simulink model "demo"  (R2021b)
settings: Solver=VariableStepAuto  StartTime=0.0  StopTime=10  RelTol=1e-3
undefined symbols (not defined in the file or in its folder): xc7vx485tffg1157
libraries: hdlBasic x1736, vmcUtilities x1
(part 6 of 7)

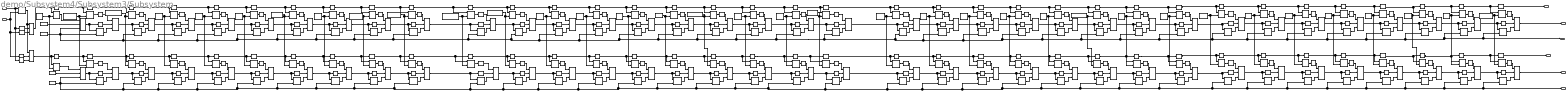
== system demo/Subsystem4/Subsystem3/Subsystem ==
  note: 30
  note: 20
  note: tmp_3
  note: ooki
  note: 10
  note: tmp_2
  note: tiisai
  note: 01
  In1 : Inport
  In2 : Inport  Port=2
  AddSub{,1..17,23..38,41..61,70..79,87,97,108,110..111} (70 alike) : hdlBasic/AddSub  mode=Addition  use_carryin=off  use_carryout=off  en=off  latency=1  precision=User Defined  arith_type="Signed  (2's comp)"  n_bits=32  bin_pt=0  quantization=Truncate  overflow=Wrap  use_behavioral_HDL=off  hw_selection=Fabric  pipelined=off  XmcBlockStatus=1  maskContainerNames=tabcontainer1  block_type=addsub  block_config=sysgen:Addsub_config
  Constant1 : hdlBasic/Constant  const=0  gui_display_data_type=Fixed-point  arith_type=Signed (2's comp)  n_bits=32  bin_pt=0  preci_type=Single  exp_width=8  frac_width=24  explicit_period=on  period=1  XmcBlockStatus=1  maskContainerNames=tabcontainer1  block_type=constant  block_config=sysgen:Constant_config
  Constant2 : hdlBasic/Constant  const=1  gui_display_data_type=Fixed-point  arith_type=Signed (2's comp)  n_bits=32  bin_pt=0  preci_type=Single  exp_width=8  frac_width=24  explicit_period=on  period=1  XmcBlockStatus=1  maskContainerNames=tabcontainer1  block_type=constant  block_config=sysgen:Constant_config
  Constant6 : hdlBasic/Constant  const=0  gui_display_data_type=Fixed-point  arith_type=Signed (2's comp)  n_bits=32  bin_pt=0  preci_type=Single  exp_width=8  frac_width=24  explicit_period=on  period=1  XmcBlockStatus=1  maskContainerNames=tabcontainer1  block_type=constant  block_config=sysgen:Constant_config
  Constant7 : hdlBasic/Constant  const=1  gui_display_data_type=Fixed-point  arith_type=Signed (2's comp)  n_bits=32  bin_pt=0  preci_type=Single  exp_width=8  frac_width=24  explicit_period=on  period=1  XmcBlockStatus=1  maskContainerNames=tabcontainer1  block_type=constant  block_config=sysgen:Constant_config
  Delay{1..7,9..10,12..13,15..16,19..20,22..23,25..26,28..29,31..32,34..35,37..38,41..42,44..45,47..48,50..52,54..56,58,62,64..65,67..68,71..72,74..75,77..78,80..82,84..85,87..88,91..92,94..95,97..98,100..103,105..107,109,114..115,117..118,120..125,127..129,131,133..134,136..138,140..141,143..144,147..148,150..151,153..154,156..158,160..161,163..164,167..168,170..171,173..174,176,188..189,194,205,227,238,257..258,260..261,263..264,266..267,269..270,272..273,275..276,279..280,282..283,285..286,288..290,292,321} (146 alike) : hdlBasic/Delay  rst=off  en=off  latency=1  reg_retiming=off  XmcBlockStatus=1  maskContainerNames=group1  block_type=delay  block_config=sysgen:Delay_config
  Delay{8,11,14,17..18,21,24,27,30,33,36,39..40,43,46,49,53,57,63,66,69..70,73,76,79,83,86,89..90,93,96,99,104,108,116,119,126,130,132,135,139,142,145..146,149,152,155,159,162,165..166,169,172,175,187,216,249,256,259,262,265,268,271,274,277..278,281,284,287,291} (70 alike) : hdlBasic/Delay  rst=off  en=off  latency=2  reg_retiming=off  XmcBlockStatus=1  maskContainerNames=group1  block_type=delay  block_config=sysgen:Delay_config
  Mux{,1..37,40..57,68..77,86,97,106..109} (72 alike) : hdlBasic/Mux  inputs=2  en=off  latency=1  precision=Full  arith_type=Unsigned  n_bits=16  bin_pt=14  quantization=Truncate  overflow=Wrap  XmcBlockStatus=1  maskContainerNames=tabcontainer1  block_type=mux  block_config=sysgen:Mux_config
  Relational : hdlBasic/Relational  mode=a<b  op_type=Bool  en=off  latency=1  XmcBlockStatus=1  maskContainerNames=tabcontainer1  block_type=relational  block_config=sysgen:Relational_config
  Relational{1..36,39..59,70..78,86,97,107..110} (72 alike) : hdlBasic/Relational  mode=a>=b  op_type=Bool  en=off  latency=1  XmcBlockStatus=1  maskContainerNames=tabcontainer1  block_type=relational  block_config=sysgen:Relational_config
  logi_b0 : hdlBasic/Constant  const=-1.0000000000000000000000000000000000000000000000000000000  gui_display_data_type=Floating-point  arith_type=Floating-point  n_bits=8  bin_pt=8  preci_type=Double  exp_width=8  frac_width=24  explicit_period=on  period=1  XmcBlockStatus=1  maskContainerNames=tabcontainer1  block_type=constant  block_config=sysgen:Constant_config
  logi_b1 : hdlBasic/Constant  const=-0.9838709677419354981964261241955682635307312011718750000  gui_display_data_type=Floating-point  arith_type=Floating-point  n_bits=8  bin_pt=8  preci_type=Double  exp_width=8  frac_width=24  explicit_period=on  period=1  XmcBlockStatus=1  maskContainerNames=tabcontainer1  block_type=constant  block_config=sysgen:Constant_config
  logi_b10 : hdlBasic/Constant  const=-0.8387096774193547599196563169243745505809783935546875000  gui_display_data_type=Floating-point  arith_type=Floating-point  n_bits=8  bin_pt=8  preci_type=Double  exp_width=8  frac_width=24  explicit_period=on  period=1  XmcBlockStatus=1  maskContainerNames=tabcontainer1  block_type=constant  block_config=sysgen:Constant_config
  logi_b11 : hdlBasic/Constant  const=-0.8225806451612902581160824411199428141117095947265625000  gui_display_data_type=Floating-point  arith_type=Floating-point  n_bits=8  bin_pt=8  preci_type=Double  exp_width=8  frac_width=24  explicit_period=on  period=1  XmcBlockStatus=1  maskContainerNames=tabcontainer1  block_type=constant  block_config=sysgen:Constant_config
  logi_b12 : hdlBasic/Constant  const=-0.8064516129032257563125085653155110776424407958984375000  gui_display_data_type=Floating-point  arith_type=Floating-point  n_bits=8  bin_pt=8  preci_type=Double  exp_width=8  frac_width=24  explicit_period=on  period=1  XmcBlockStatus=1  maskContainerNames=tabcontainer1  block_type=constant  block_config=sysgen:Constant_config
  logi_b13 : hdlBasic/Constant  const=-0.7903225806451612545089346895110793411731719970703125000  gui_display_data_type=Floating-point  arith_type=Floating-point  n_bits=8  bin_pt=8  preci_type=Double  exp_width=8  frac_width=24  explicit_period=on  period=1  XmcBlockStatus=1  maskContainerNames=tabcontainer1  block_type=constant  block_config=sysgen:Constant_config
  logi_b14 : hdlBasic/Constant  const=-0.7741935483870967527053608137066476047039031982421875000  gui_display_data_type=Floating-point  arith_type=Floating-point  n_bits=8  bin_pt=8  preci_type=Double  exp_width=8  frac_width=24  explicit_period=on  period=1  XmcBlockStatus=1  maskContainerNames=tabcontainer1  block_type=constant  block_config=sysgen:Constant_config
  logi_b15 : hdlBasic/Constant  const=-0.7580645161290322509017869379022158682346343994140625000  gui_display_data_type=Floating-point  arith_type=Floating-point  n_bits=8  bin_pt=8  preci_type=Double  exp_width=8  frac_width=24  explicit_period=on  period=1  XmcBlockStatus=1  maskContainerNames=tabcontainer1  block_type=constant  block_config=sysgen:Constant_config
  logi_b16 : hdlBasic/Constant  const=-0.7419354838709677490982130620977841317653656005859375000  gui_display_data_type=Floating-point  arith_type=Floating-point  n_bits=8  bin_pt=8  preci_type=Double  exp_width=8  frac_width=24  explicit_period=on  period=1  XmcBlockStatus=1  maskContainerNames=tabcontainer1  block_type=constant  block_config=sysgen:Constant_config
  logi_b17 : hdlBasic/Constant  const=-0.7258064516129032472946391862933523952960968017578125000  gui_display_data_type=Floating-point  arith_type=Floating-point  n_bits=8  bin_pt=8  preci_type=Double  exp_width=8  frac_width=24  explicit_period=on  period=1  XmcBlockStatus=1  maskContainerNames=tabcontainer1  block_type=constant  block_config=sysgen:Constant_config
  logi_b18 : hdlBasic/Constant  const=-0.7096774193548387454910653104889206588268280029296875000  gui_display_data_type=Floating-point  arith_type=Floating-point  n_bits=8  bin_pt=8  preci_type=Double  exp_width=8  frac_width=24  explicit_period=on  period=1  XmcBlockStatus=1  maskContainerNames=tabcontainer1  block_type=constant  block_config=sysgen:Constant_config
  logi_b19 : hdlBasic/Constant  const=-0.6935483870967741326651889721688348799943923950195312500  gui_display_data_type=Floating-point  arith_type=Floating-point  n_bits=8  bin_pt=8  preci_type=Double  exp_width=8  frac_width=24  explicit_period=on  period=1  XmcBlockStatus=1  maskContainerNames=tabcontainer1  block_type=constant  block_config=sysgen:Constant_config
  logi_b2 : hdlBasic/Constant  const=-0.9677419354838709963928522483911365270614624023437500000  gui_display_data_type=Floating-point  arith_type=Floating-point  n_bits=8  bin_pt=8  preci_type=Double  exp_width=8  frac_width=24  explicit_period=on  period=1  XmcBlockStatus=1  maskContainerNames=tabcontainer1  block_type=constant  block_config=sysgen:Constant_config
  logi_b20 : hdlBasic/Constant  const=-0.6774193548387096308616150963644031435251235961914062500  gui_display_data_type=Floating-point  arith_type=Floating-point  n_bits=8  bin_pt=8  preci_type=Double  exp_width=8  frac_width=24  explicit_period=on  period=1  XmcBlockStatus=1  maskContainerNames=tabcontainer1  block_type=constant  block_config=sysgen:Constant_config
  logi_b21 : hdlBasic/Constant  const=-0.6612903225806451290580412205599714070558547973632812500  gui_display_data_type=Floating-point  arith_type=Floating-point  n_bits=8  bin_pt=8  preci_type=Double  exp_width=8  frac_width=24  explicit_period=on  period=1  XmcBlockStatus=1  maskContainerNames=tabcontainer1  block_type=constant  block_config=sysgen:Constant_config
  logi_b22 : hdlBasic/Constant  const=-0.6451612903225806272544673447555396705865859985351562500  gui_display_data_type=Floating-point  arith_type=Floating-point  n_bits=8  bin_pt=8  preci_type=Double  exp_width=8  frac_width=24  explicit_period=on  period=1  XmcBlockStatus=1  maskContainerNames=tabcontainer1  block_type=constant  block_config=sysgen:Constant_config
  logi_b23 : hdlBasic/Constant  const=-0.6290322580645161254508934689511079341173171997070312500  gui_display_data_type=Floating-point  arith_type=Floating-point  n_bits=8  bin_pt=8  preci_type=Double  exp_width=8  frac_width=24  explicit_period=on  period=1  XmcBlockStatus=1  maskContainerNames=tabcontainer1  block_type=constant  block_config=sysgen:Constant_config
  logi_b24 : hdlBasic/Constant  const=-0.6129032258064516236473195931466761976480484008789062500  gui_display_data_type=Floating-point  arith_type=Floating-point  n_bits=8  bin_pt=8  preci_type=Double  exp_width=8  frac_width=24  explicit_period=on  period=1  XmcBlockStatus=1  maskContainerNames=tabcontainer1  block_type=constant  block_config=sysgen:Constant_config
  logi_b25 : hdlBasic/Constant  const=-0.5967741935483871218437457173422444611787796020507812500  gui_display_data_type=Floating-point  arith_type=Floating-point  n_bits=8  bin_pt=8  preci_type=Double  exp_width=8  frac_width=24  explicit_period=on  period=1  XmcBlockStatus=1  maskContainerNames=tabcontainer1  block_type=constant  block_config=sysgen:Constant_config
  logi_b26 : hdlBasic/Constant  const=-0.5806451612903225090178693790221586823463439941406250000  gui_display_data_type=Floating-point  arith_type=Floating-point  n_bits=8  bin_pt=8  preci_type=Double  exp_width=8  frac_width=24  explicit_period=on  period=1  XmcBlockStatus=1  maskContainerNames=tabcontainer1  block_type=constant  block_config=sysgen:Constant_config
  logi_b27 : hdlBasic/Constant  const=-0.5645161290322580072142955032177269458770751953125000000  gui_display_data_type=Floating-point  arith_type=Floating-point  n_bits=8  bin_pt=8  preci_type=Double  exp_width=8  frac_width=24  explicit_period=on  period=1  XmcBlockStatus=1  maskContainerNames=tabcontainer1  block_type=constant  block_config=sysgen:Constant_config
  logi_b28 : hdlBasic/Constant  const=-0.5483870967741935054107216274132952094078063964843750000  gui_display_data_type=Floating-point  arith_type=Floating-point  n_bits=8  bin_pt=8  preci_type=Double  exp_width=8  frac_width=24  explicit_period=on  period=1  XmcBlockStatus=1  maskContainerNames=tabcontainer1  block_type=constant  block_config=sysgen:Constant_config
  logi_b29 : hdlBasic/Constant  const=-0.5322580645161290036071477516088634729385375976562500000  gui_display_data_type=Floating-point  arith_type=Floating-point  n_bits=8  bin_pt=8  preci_type=Double  exp_width=8  frac_width=24  explicit_period=on  period=1  XmcBlockStatus=1  maskContainerNames=tabcontainer1  block_type=constant  block_config=sysgen:Constant_config
  logi_b3 : hdlBasic/Constant  const=-0.9516129032258063835669759100710507482290267944335937500  gui_display_data_type=Floating-point  arith_type=Floating-point  n_bits=8  bin_pt=8  preci_type=Double  exp_width=8  frac_width=24  explicit_period=on  period=1  XmcBlockStatus=1  maskContainerNames=tabcontainer1  block_type=constant  block_config=sysgen:Constant_config
  logi_b30 : hdlBasic/Constant  const=-0.5161290322580645018035738758044317364692687988281250000  gui_display_data_type=Floating-point  arith_type=Floating-point  n_bits=8  bin_pt=8  preci_type=Double  exp_width=8  frac_width=24  explicit_period=on  period=1  XmcBlockStatus=1  maskContainerNames=tabcontainer1  block_type=constant  block_config=sysgen:Constant_config
  logi_b31 : hdlBasic/Constant  const=-0.5000000000000000000000000000000000000000000000000000000  gui_display_data_type=Floating-point  arith_type=Floating-point  n_bits=8  bin_pt=8  preci_type=Double  exp_width=8  frac_width=24  explicit_period=on  period=1  XmcBlockStatus=1  maskContainerNames=tabcontainer1  block_type=constant  block_config=sysgen:Constant_config
  logi_b32 : hdlBasic/Constant  const=-0.4838709677419354981964261241955682635307312011718750000  gui_display_data_type=Floating-point  arith_type=Floating-point  n_bits=8  bin_pt=8  preci_type=Double  exp_width=8  frac_width=24  explicit_period=on  period=1  XmcBlockStatus=1  maskContainerNames=tabcontainer1  block_type=constant  block_config=sysgen:Constant_config
  logi_b33 : hdlBasic/Constant  const=-0.4677419354838709408817010171333095058798789978027343750  gui_display_data_type=Floating-point  arith_type=Floating-point  n_bits=8  bin_pt=8  preci_type=Double  exp_width=8  frac_width=24  explicit_period=on  period=1  XmcBlockStatus=1  maskContainerNames=tabcontainer1  block_type=constant  block_config=sysgen:Constant_config
  logi_b34 : hdlBasic/Constant  const=-0.4516129032258064390781271413288777694106101989746093750  gui_display_data_type=Floating-point  arith_type=Floating-point  n_bits=8  bin_pt=8  preci_type=Double  exp_width=8  frac_width=24  explicit_period=on  period=1  XmcBlockStatus=1  maskContainerNames=tabcontainer1  block_type=constant  block_config=sysgen:Constant_config
  logi_b35 : hdlBasic/Constant  const=-0.4354838709677419372745532655244460329413414001464843750  gui_display_data_type=Floating-point  arith_type=Floating-point  n_bits=8  bin_pt=8  preci_type=Double  exp_width=8  frac_width=24  explicit_period=on  period=1  XmcBlockStatus=1  maskContainerNames=tabcontainer1  block_type=constant  block_config=sysgen:Constant_config
  logi_b4 : hdlBasic/Constant  const=-0.9354838709677418817634020342666190117597579956054687500  gui_display_data_type=Floating-point  arith_type=Floating-point  n_bits=8  bin_pt=8  preci_type=Double  exp_width=8  frac_width=24  explicit_period=on  period=1  XmcBlockStatus=1  maskContainerNames=tabcontainer1  block_type=constant  block_config=sysgen:Constant_config
  logi_b5 : hdlBasic/Constant  const=-0.9193548387096773799598281584621872752904891967773437500  gui_display_data_type=Floating-point  arith_type=Floating-point  n_bits=8  bin_pt=8  preci_type=Double  exp_width=8  frac_width=24  explicit_period=on  period=1  XmcBlockStatus=1  maskContainerNames=tabcontainer1  block_type=constant  block_config=sysgen:Constant_config
  logi_b6 : hdlBasic/Constant  const=-0.9032258064516128781562542826577555388212203979492187500  gui_display_data_type=Floating-point  arith_type=Floating-point  n_bits=8  bin_pt=8  preci_type=Double  exp_width=8  frac_width=24  explicit_period=on  period=1  XmcBlockStatus=1  maskContainerNames=tabcontainer1  block_type=constant  block_config=sysgen:Constant_config
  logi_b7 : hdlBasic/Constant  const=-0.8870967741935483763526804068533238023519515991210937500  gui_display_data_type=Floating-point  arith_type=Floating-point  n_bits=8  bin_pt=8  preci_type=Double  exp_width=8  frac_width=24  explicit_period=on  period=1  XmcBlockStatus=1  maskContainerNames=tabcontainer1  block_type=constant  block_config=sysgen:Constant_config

* PROMPT: From the entries above, give again exactly the lines running from the line with "logi_b11 : hdlBasic/Constant" to the line with "logi_b15 : hdlBasic/Constant"; include both of those lines.

* YOUR RESPONSE:
  logi_b11 : hdlBasic/Constant  const=-0.8225806451612902581160824411199428141117095947265625000  gui_display_data_type=Floating-point  arith_type=Floating-point  n_bits=8  bin_pt=8  preci_type=Double  exp_width=8  frac_width=24  explicit_period=on  period=1  XmcBlockStatus=1  maskContainerNames=tabcontainer1  block_type=constant  block_config=sysgen:Constant_config
  logi_b12 : hdlBasic/Constant  const=-0.8064516129032257563125085653155110776424407958984375000  gui_display_data_type=Floating-point  arith_type=Floating-point  n_bits=8  bin_pt=8  preci_type=Double  exp_width=8  frac_width=24  explicit_period=on  period=1  XmcBlockStatus=1  maskContainerNames=tabcontainer1  block_type=constant  block_config=sysgen:Constant_config
  logi_b13 : hdlBasic/Constant  const=-0.7903225806451612545089346895110793411731719970703125000  gui_display_data_type=Floating-point  arith_type=Floating-point  n_bits=8  bin_pt=8  preci_type=Double  exp_width=8  frac_width=24  explicit_period=on  period=1  XmcBlockStatus=1  maskContainerNames=tabcontainer1  block_type=constant  block_config=sysgen:Constant_config
  logi_b14 : hdlBasic/Constant  const=-0.7741935483870967527053608137066476047039031982421875000  gui_display_data_type=Floating-point  arith_type=Floating-point  n_bits=8  bin_pt=8  preci_type=Double  exp_width=8  frac_width=24  explicit_period=on  period=1  XmcBlockStatus=1  maskContainerNames=tabcontainer1  block_type=constant  block_config=sysgen:Constant_config
  logi_b15 : hdlBasic/Constant  const=-0.7580645161290322509017869379022158682346343994140625000  gui_display_data_type=Floating-point  arith_type=Floating-point  n_bits=8  bin_pt=8  preci_type=Double  exp_width=8  frac_width=24  explicit_period=on  period=1  XmcBlockStatus=1  maskContainerNames=tabcontainer1  block_type=constant  block_config=sysgen:Constant_config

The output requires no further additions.